You can do better - completely understandable grounds for divorce. Get the partner you deserve


----------



## Scotford (Apr 24, 2014)

Off to Auschwitz with her.


----------



## coffeefanatic (Jun 3, 2015)

Bought a few products from lidl before, you can be sure that the parts will grind out before you actually have a decent use out of it, but i could be proved wrong, (hopefully)


----------



## Frank1 (Aug 28, 2015)

In my experience the best frother for home use is a manual frother: An aluminium jar with non-stick coating plus a plunger you have to move up and down about 30 to 40 times. For best results the milk should be skimmed UHT milk, very low fat (less than 1 percent fat) and cold. After frothing you have to wait about 3 minutes for the froth to stiffen.


----------



## theaaron123 (Aug 30, 2015)

That link is dead for me.


----------



## Jumbo Ratty (Jan 12, 2015)

theaaron123 said:


> That link is dead for me.


Thats because it was a time \ region specific offer. It was for Italian goods if memory serve me well.

It only ran between certain dates then came to an end.



Our Offers
 Thursday, 27.08. - Bathroom

 Thursday, 27.08. - DIY

 Monday, 31.08. - Garden Tools

 Monday, 31.08. - Clean Up

 Thursday, 03.09. - Casual Basics

 Thursday, 03.09. - Household

 Thursday, 03.09. - Plants and Flowers

 Monday, 07.09. - Cycle In Style

 Monday, 07.09. - Kitchen


----------



## Rompie (Apr 18, 2015)

Frank1 said:


> For best results the milk should be skimmed UHT milk, very low fat (less than 1 percent fat) and cold.


Manual milk frothing doesn't work that great at the best of times - this isn't going to help! Higher fat content = better milk texture, generally speaking.


----------



## Kyle548 (Jan 24, 2013)

Rompie said:


> Manual milk frothing doesn't work that great at the best of times - this isn't going to help!
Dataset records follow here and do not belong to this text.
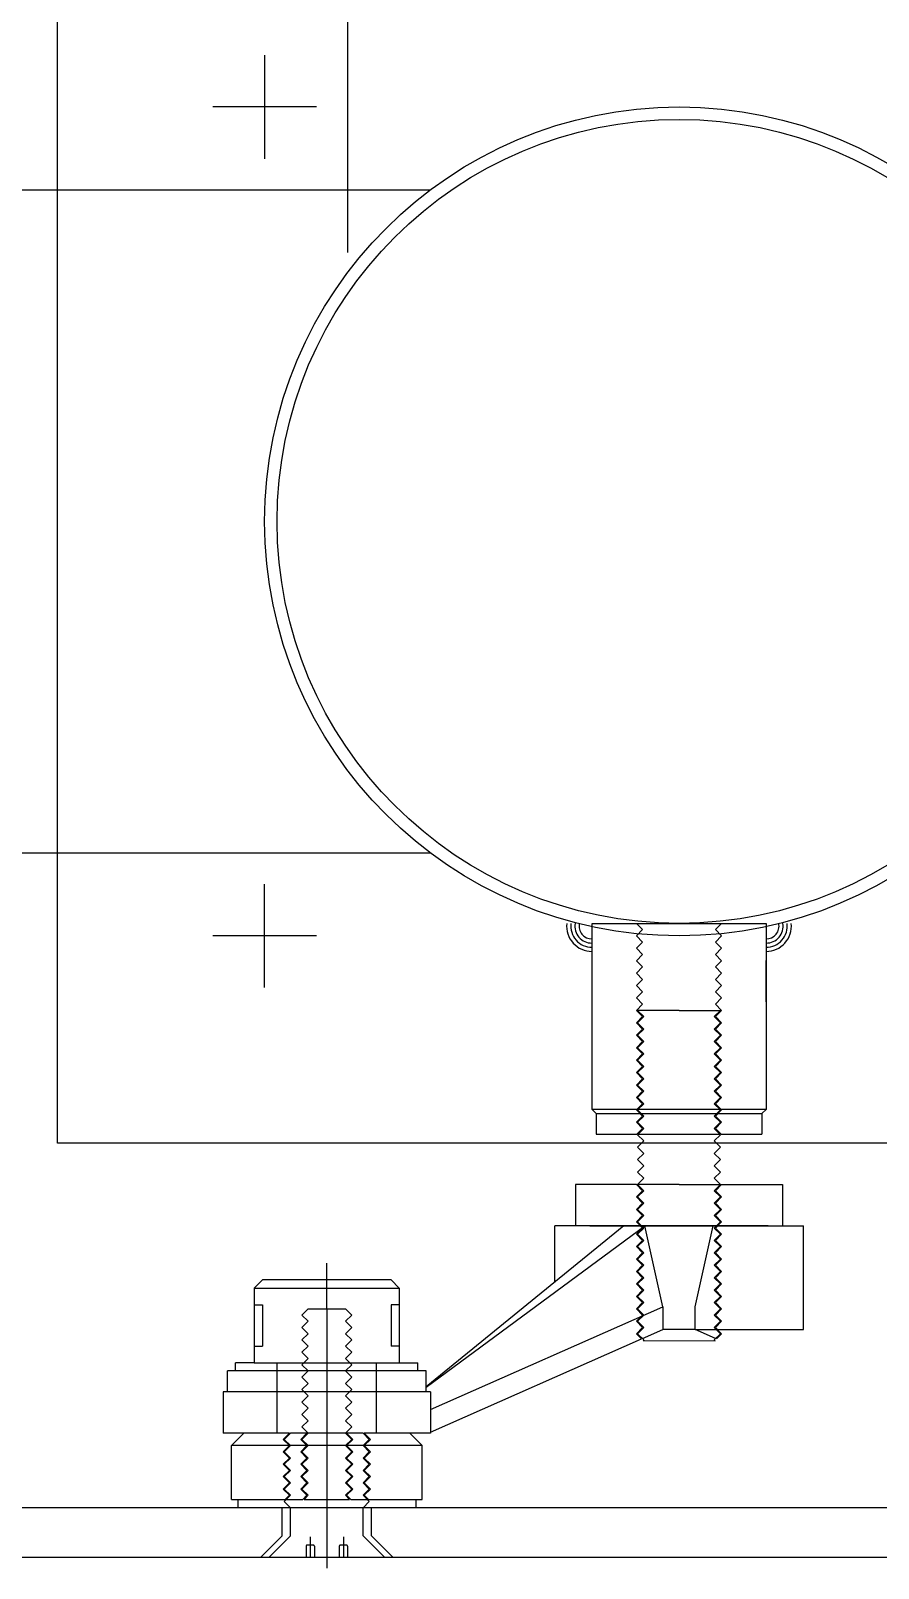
# Model space of a CAD drawing. Header units: millimetres. Extents: x -7614 to 421357, y 85218 to 341757.
# Drawn here: x 154663.9 to 154868.4, y 216774.1 to 217145.1 of the extents above; entities that cross this region are included whole.
import ezdxf

# ---------------------------------------------------------------- set-up
doc = ezdxf.new("R2010")
doc.units = ezdxf.units.MM
doc.header["$LTSCALE"] = 600
doc.header["$MEASUREMENT"] = 0
doc.linetypes.add('CENTER1', pattern=[8, 6, -1, 0, -1])
doc.linetypes.add('DASH_2', pattern=[34, 30, -1.5, 1, -1.5])
doc.layers.add('e-plan', color=9, linetype='CONTINUOUS')

msp = doc.modelspace()

# ---------------------------------------------------------------- linework, layer by layer
at = {"layer": 'e-plan'}
for p, q in [((154740.36, 217766.72), (154740.36, 217091.59)), ((154670.36, 216876.72), (154670.36, 217176.72)), ((154720.36, 217139.22), (154720.36, 217114.22)), ((154732.86, 217126.72), (154707.86, 217126.72)), ((152490.36, 217106.72), (154760.36, 217106.72)), ((152490.36, 216946.72), (154760.36, 216946.72)), ((154720.36, 216914.22), (154720.36, 216939.22)), ((154799.36, 216929.72), (154841.36, 216929.72)), ((154732.86, 216926.72), (154707.86, 216926.72)), ((154970.36, 216876.72), (154670.36, 216876.72)), ((155070.36, 216788.72), (153631.36, 216788.72)), ((155070.36, 216776.72), (153631.36, 216776.72))]:
    msp.add_line(p, q, dxfattribs=at)
at = {"layer": 'e-plan', "linetype": 'Continuous'}
for p, q in [((154799.36, 216884.83), (154799.36, 216929.72)), ((154799.36, 216920.48), (154799.36, 216929.72)), ((154841.36, 216929.72), (154841.36, 216884.83)), ((154841.36, 216910.83), (154841.36, 216920.78)), ((154841.36, 216884.83), (154799.36, 216884.83)), ((154799.36, 216884.83), (154800.36, 216883.83)), ((154800.36, 216883.83), (154800.36, 216878.83)), ((154800.36, 216883.83), (154840.36, 216883.83)), ((154840.36, 216883.83), (154841.36, 216884.83)), ((154840.36, 216883.83), (154840.36, 216878.83)), ((154800.36, 216878.83), (154810.19, 216878.83)), ((154810.48, 216878.83), (154830.24, 216878.83)), ((154830.53, 216878.83), (154840.36, 216878.83)), ((154810.08, 216866.72), (154795.36, 216866.72)), ((154820.36, 216866.72), (154810.36, 216866.72)), ((154820.36, 216866.72), (154830.36, 216866.72)), ((154830.64, 216866.72), (154845.36, 216866.72)), ((154759.36, 216817.78), (154812.09, 216856.72)), ((154807.04, 216856.72), (154759.36, 216817.9)), ((154820.36, 216856.72), (154790.36, 216856.72)), ((154790.36, 216843.13), (154790.36, 216856.72)), ((154798.86, 216856.72), (154820.36, 216856.72)), ((154820.36, 216856.72), (154798.86, 216856.72)), ((154816.43, 216837.18), (154812.09, 216856.72)), ((154820.36, 216856.72), (154850.36, 216856.72)), ((154841.86, 216856.72), (154820.36, 216856.72)), ((154841.86, 216856.72), (154820.36, 216856.72)), ((154824.29, 216837.18), (154828.61, 216856.72)), ((154850.36, 216831.72), (154850.36, 216856.72)), ((154719.86, 216843.72), (154717.86, 216841.72)), ((154750.86, 216843.72), (154719.86, 216843.72)), ((154752.86, 216841.72), (154750.86, 216843.72)), ((154717.86, 216841.72), (154717.86, 216823.72)), ((154752.86, 216841.72), (154752.86, 216823.72)), ((154719.86, 216837.72), (154719.86, 216827.72)), ((154750.86, 216837.72), (154750.86, 216827.72)), ((154760.36, 216812.42), (154816.43, 216837.18)), ((154816.43, 216837.18), (154816.43, 216831.72)), ((154824.29, 216831.72), (154824.29, 216837.18)), ((154811.53, 216829.55), (154816.43, 216831.72)), ((154824.28, 216831.72), (154816.43, 216831.72)), ((154824.28, 216831.72), (154850.36, 216831.72)), ((154829.19, 216829.55), (154824.28, 216831.72)), ((154760.36, 216806.95), (154811.33, 216829.46)), ((154811.68, 216829.04), (154829.05, 216829.03)), ((154711.36, 216816.72), (154711.36, 216821.72)), ((154759.36, 216821.72), (154711.36, 216821.72)), ((154713.36, 216821.72), (154713.36, 216823.72)), ((154757.36, 216821.72), (154757.36, 216823.72)), ((154759.36, 216816.72), (154759.36, 216821.72)), ((154760.38, 216816.72), (154710.38, 216816.72)), ((154710.38, 216816.72), (154710.38, 216806.72)), ((154760.38, 216816.72), (154760.38, 216806.72)), ((154726.33, 216806.72), (154710.38, 216806.72)), ((154739.86, 216806.72), (154726.61, 216806.72)), ((154744.11, 216806.72), (154740.14, 216806.72)), ((154760.38, 216806.72), (154744.39, 216806.72)), ((154726.61, 216803.72), (154712.36, 216803.72)), ((154712.36, 216790.72), (154712.36, 216803.72)), ((154758.36, 216803.72), (154726.61, 216803.72)), ((154758.36, 216790.72), (154758.36, 216803.72)), ((154712.36, 216790.72), (154725.33, 216790.72)), ((154713.86, 216790.72), (154713.86, 216788.72)), ((154724.61, 216781.97), (154724.61, 216788.72)), ((154725.61, 216790.72), (154729.58, 216790.72)), ((154726.61, 216781.97), (154726.61, 216788.72)), ((154729.86, 216790.72), (154740.86, 216790.72)), ((154741.14, 216790.72), (154745.11, 216790.72)), ((154744.11, 216781.97), (154744.11, 216788.72)), ((154745.39, 216790.72), (154756.86, 216790.72)), ((154746.11, 216781.97), (154746.11, 216788.72)), ((154756.86, 216790.72), (154758.36, 216790.72)), ((154756.86, 216790.72), (154756.86, 216788.72)), ((154724.61, 216781.97), (154719.36, 216776.72)), ((154746.11, 216781.97), (154751.36, 216776.72)), ((154752.19, 216776.72), (154718.53, 216776.72)), ((154732.06, 216779.72), (154730.66, 216779.72)), ((154740.06, 216779.72), (154738.66, 216779.72))]:
    msp.add_line(p, q, dxfattribs=at)
at = {"layer": 'e-plan', "linetype": 'CENTER1'}
for p, q in [((154811.58, 216928.22), (154810.08, 216929.72)), ((154810.08, 216926.72), (154811.58, 216928.22)), ((154829.14, 216928.22), (154830.64, 216929.72)), ((154830.64, 216926.72), (154829.14, 216928.22)), ((154811.58, 216925.22), (154810.08, 216926.72)), ((154810.08, 216923.72), (154811.58, 216925.22)), ((154829.14, 216925.22), (154830.64, 216926.72)), ((154830.64, 216923.72), (154829.14, 216925.22)), ((154811.58, 216922.22), (154810.08, 216923.72)), ((154810.08, 216920.72), (154811.58, 216922.22)), ((154811.58, 216919.22), (154810.08, 216920.72)), ((154829.14, 216922.22), (154830.64, 216923.72)), ((154830.64, 216920.72), (154829.14, 216922.22)), ((154829.14, 216919.22), (154830.64, 216920.72)), ((154810.08, 216917.72), (154811.58, 216919.22)), ((154811.58, 216916.22), (154810.08, 216917.72)), ((154830.64, 216917.72), (154829.14, 216919.22)), ((154829.14, 216916.22), (154830.64, 216917.72)), ((154810.08, 216914.72), (154811.58, 216916.22)), ((154811.58, 216913.22), (154810.08, 216914.72)), ((154830.64, 216914.72), (154829.14, 216916.22)), ((154829.14, 216913.22), (154830.64, 216914.72)), ((154810.08, 216911.72), (154811.58, 216913.22)), ((154811.58, 216910.22), (154810.08, 216911.72)), ((154810.08, 216908.72), (154811.58, 216910.22)), ((154830.64, 216911.72), (154829.14, 216913.22)), ((154829.14, 216910.22), (154830.64, 216911.72)), ((154830.64, 216908.72), (154829.14, 216910.22)), ((154810.08, 216908.72), (154811.58, 216907.22)), ((154811.58, 216907.22), (154810.08, 216905.72)), ((154810.36, 216908.72), (154811.86, 216907.22)), ((154810.36, 216908.72), (154811.86, 216907.22)), ((154820.36, 216908.72), (154810.36, 216908.72)), ((154811.86, 216907.22), (154810.36, 216905.72)), ((154811.86, 216907.22), (154810.36, 216905.72)), ((154820.36, 216908.72), (154830.36, 216908.72)), ((154830.36, 216908.72), (154828.86, 216907.22)), ((154828.86, 216907.22), (154830.36, 216905.72)), ((154830.64, 216908.72), (154829.14, 216907.22)), ((154829.14, 216907.22), (154830.64, 216905.72)), ((154810.08, 216905.72), (154811.58, 216904.22)), ((154811.58, 216904.22), (154810.08, 216902.72)), ((154810.08, 216902.72), (154811.58, 216901.22)), ((154810.36, 216905.72), (154811.86, 216904.22)), ((154810.36, 216905.72), (154811.86, 216904.22)), ((154811.86, 216904.22), (154810.36, 216902.72)), ((154811.86, 216904.22), (154810.36, 216902.72)), ((154810.36, 216902.72), (154811.86, 216901.22)), ((154810.36, 216902.72), (154811.86, 216901.22)), ((154830.36, 216905.72), (154828.86, 216904.22)), ((154828.86, 216904.22), (154830.36, 216902.72)), ((154830.36, 216902.72), (154828.86, 216901.22)), ((154830.64, 216905.72), (154829.14, 216904.22)), ((154829.14, 216904.22), (154830.64, 216902.72)), ((154830.64, 216902.72), (154829.14, 216901.22)), ((154811.58, 216901.22), (154810.08, 216899.72)), ((154810.08, 216899.72), (154811.58, 216898.22)), ((154811.86, 216901.22), (154810.36, 216899.72)), ((154811.86, 216901.22), (154810.36, 216899.72)), ((154810.36, 216899.72), (154811.86, 216898.22)), ((154810.36, 216899.72), (154811.86, 216898.22)), ((154828.86, 216901.22), (154830.36, 216899.72)), ((154830.36, 216899.72), (154828.86, 216898.22)), ((154829.14, 216901.22), (154830.64, 216899.72)), ((154830.64, 216899.72), (154829.14, 216898.22)), ((154811.58, 216898.22), (154810.08, 216896.72)), ((154810.08, 216896.72), (154811.58, 216895.22)), ((154811.58, 216895.22), (154810.08, 216893.72)), ((154811.86, 216898.22), (154810.36, 216896.72)), ((154811.86, 216898.22), (154810.36, 216896.72)), ((154810.36, 216896.72), (154811.86, 216895.22)), ((154810.36, 216896.72), (154811.86, 216895.22)), ((154811.86, 216895.22), (154810.36, 216893.72)), ((154811.86, 216895.22), (154810.36, 216893.72)), ((154828.86, 216898.22), (154830.36, 216896.72)), ((154830.36, 216896.72), (154828.86, 216895.22)), ((154828.86, 216895.22), (154830.36, 216893.72)), ((154829.14, 216898.22), (154830.64, 216896.72)), ((154830.64, 216896.72), (154829.14, 216895.22)), ((154829.14, 216895.22), (154830.64, 216893.72)), ((154810.08, 216893.72), (154811.58, 216892.22)), ((154811.58, 216892.22), (154810.08, 216890.72)), ((154810.36, 216893.72), (154811.86, 216892.22)), ((154810.36, 216893.72), (154811.86, 216892.22)), ((154811.86, 216892.22), (154810.36, 216890.72)), ((154811.86, 216892.22), (154810.36, 216890.72)), ((154830.36, 216893.72), (154828.86, 216892.22)), ((154828.86, 216892.22), (154830.36, 216890.72)), ((154830.64, 216893.72), (154829.14, 216892.22)), ((154829.14, 216892.22), (154830.64, 216890.72)), ((154810.08, 216890.72), (154811.58, 216889.22)), ((154811.58, 216889.22), (154810.08, 216887.72)), ((154810.08, 216887.72), (154811.58, 216886.22)), ((154810.36, 216890.72), (154811.86, 216889.22)), ((154810.36, 216890.72), (154811.86, 216889.22)), ((154811.86, 216889.22), (154810.36, 216887.72)), ((154811.86, 216889.22), (154810.36, 216887.72)), ((154810.36, 216887.72), (154811.86, 216886.22)), ((154810.36, 216887.72), (154811.86, 216886.22)), ((154830.36, 216890.72), (154828.86, 216889.22)), ((154828.86, 216889.22), (154830.36, 216887.72)), ((154830.36, 216887.72), (154828.86, 216886.22)), ((154830.64, 216890.72), (154829.14, 216889.22)), ((154829.14, 216889.22), (154830.64, 216887.72)), ((154830.64, 216887.72), (154829.14, 216886.22)), ((154811.58, 216886.22), (154810.08, 216884.72)), ((154810.08, 216884.72), (154811.58, 216883.22)), ((154811.86, 216886.22), (154810.36, 216884.72)), ((154811.86, 216886.22), (154810.36, 216884.72)), ((154810.36, 216884.72), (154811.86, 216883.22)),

Higher fat content = better milk texture, generally speaking.


Also froth is lighter than milk, so the froth will just raise to the top, not 'stiffen'.

Even a very good microfoam - which is spread evenly throughout the milk will only last so long before the foam settles on top.


----------



## Dylan (Dec 5, 2011)

Also UHT, ick.


----------